As shown in the figure above, in the MOR scheme, we still need a Backfill task to read the original Data File, but here we only read the required fields. For example, we only need column A to generate column D through some calculation logic, then the Backfill task only reads the data of A, and only the update file containing column D needs to be written in Snapshot2. With the increase of new columns, we also need to merge the Update file back into the Data File file.
For this reason, we also provide Compaction logic, that is, to read the old Data File and Update File and merge them into a single Data File.
The principle of MOR is as shown in the figure above, assuming that there is a logical Dataframe composed of two Data Files, and now it is necessary to backfill the contents of a ColD. We will write an Update File containing ColD so that the logical Dataframe in Snapshot2 will contain four columns ABCD.
Implementation details:
- Both Data File and Update File need a primary key, and each file needs to be sorted by the primary key, in this case ID;
- When reading, it will analyze which Update File and Data File are needed according to the column selected by the user;
- Select the Update File corresponding to the Data File according to the min-max value of the primary key in the Data File;
- The entire process of MOR is a process of multiple merging of multiple Data Files and Update Files;
- The order of merging is determined by SEQ, and data with a large SEQ will overwrite data with a small SEQ.
Compared with the COW method, which reads and writes all columns in full, the advantage of MOR is that only the required columns are read and updated columns are written, and there is no problem of read-write amplification. It saves a lot of computing resources, and greatly reduces the IO of reading and writing. Compared with the COW method, which doubles the COW every time, MOR only needs to store new columns, which greatly avoids the waste of storage resources.

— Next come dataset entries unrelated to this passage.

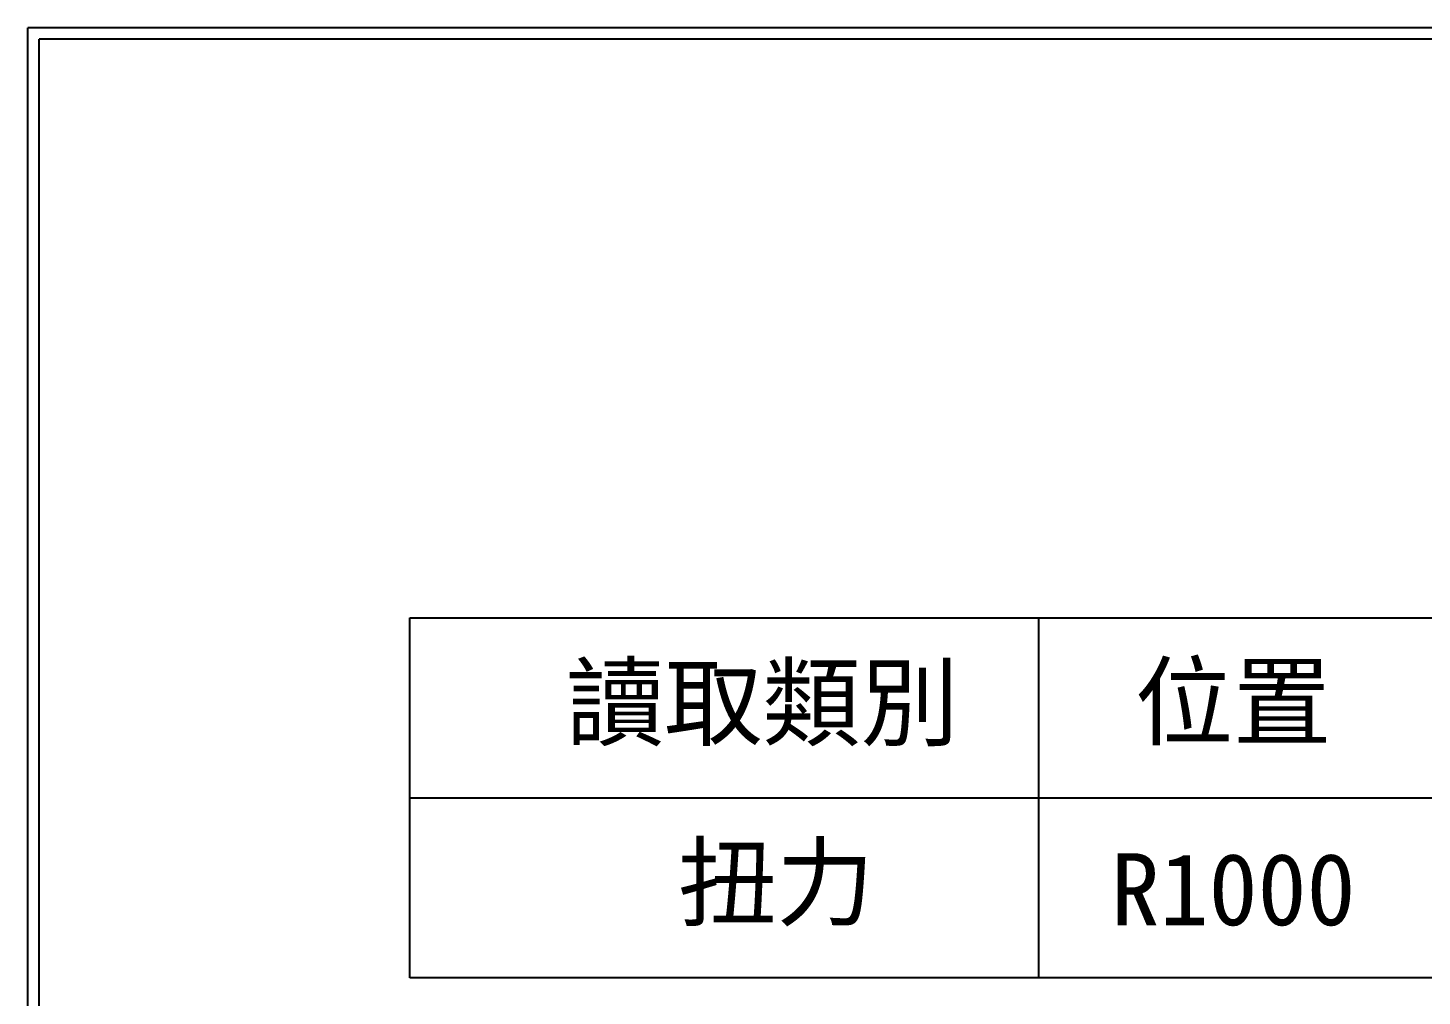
# Model space of a CAD drawing. Extents: x 627 to 914, y 3 to 207.
# Drawn here: x 627.2 to 782.1, y 99.4 to 207 of the extents above; entities that cross this region are included whole.
import ezdxf

# ---------------------------------------------------------------- set-up
doc = ezdxf.new("R2010")
doc.units = 0
doc.layers.get('0').update_dxf_attribs({"linetype": 'CONTINUOUS'})
doc.layers.add('圖框層', color=7, linetype='CONTINUOUS')
doc.styles.add('CNS', font='romanc.shx', dxfattribs={"bigfont": 'chineset.shx'})

msp = doc.modelspace()

# ---------------------------------------------------------------- linework, layer by layer
for p, q in [((669.64, 141.45), (869.64, 141.45)), ((669.64, 101.45), (669.64, 141.45)), ((739.48, 141.45), (739.48, 101.45)), ((669.64, 121.45), (869.64, 121.45)), ((869.64, 101.45), (669.64, 101.45))]:
    msp.add_line(p, q)
at = {"layer": '圖框層', "color": 7}
for p, q in [((914.2, 206.97), (627.2, 206.97)), ((627.2, 3), (627.2, 206.97)), ((912.95, 205.72), (628.45, 205.72)), ((628.45, 4.25), (628.45, 205.72))]:
    msp.add_line(p, q, dxfattribs=at)

# ---------------------------------------------------------------- texts
at = {"color": 0, "char_height": 8, "attachment_point": 5, "style": 'CNS'}
for s, insert, width in [('{\\fDFKai-SB|b0|i0|c136|p65;讀取類別}', (708.82, 131.6), 104.9768), ('{\\fDFKai-SB|b0|i0|c136|p65;位置}', (761.12, 131.7), 39.523), ('{\\fDFKai-SB|b0|i0|c136|p65;扭力}', (710.34, 111.6), 104.9768), ('{\\fDFKai-SB|b0|i0|c136|p65;R1000}', (761.12, 111.22), 39.523)]:
    msp.add_mtext(s, dxfattribs=dict(at, insert=insert, width=width))

doc.saveas('drawing.dxf')

Considering the performance overhead, we need regular compaction. Compaction is a relatively heavy operation, comparable to COW. However, Compaction is an asynchronous process, and one Compaction can be performed after multiple MORs. Then the overhead of one compaction can be amortized to multiple MORs. For example, compared with 10 times of COW and 10 times of MOR + 1 time of compaction, the storage and read and write costs are reduced from the original 10x to the current 2x.
MOR is expensive to implement, but this can be addressed with good design and extensive testing.
For model training, since most model training only needs its own columns, a large number of online models do not need to follow the logic of MOR, and it can be said that there is basically no overhead. And a small number of research models often only need to read their own Update File instead of other Update Files, so the overall additional resources for reading do not increase too much.
training optimization
After changing from line storage to Iceberg, we also made a lot of optimizations in training.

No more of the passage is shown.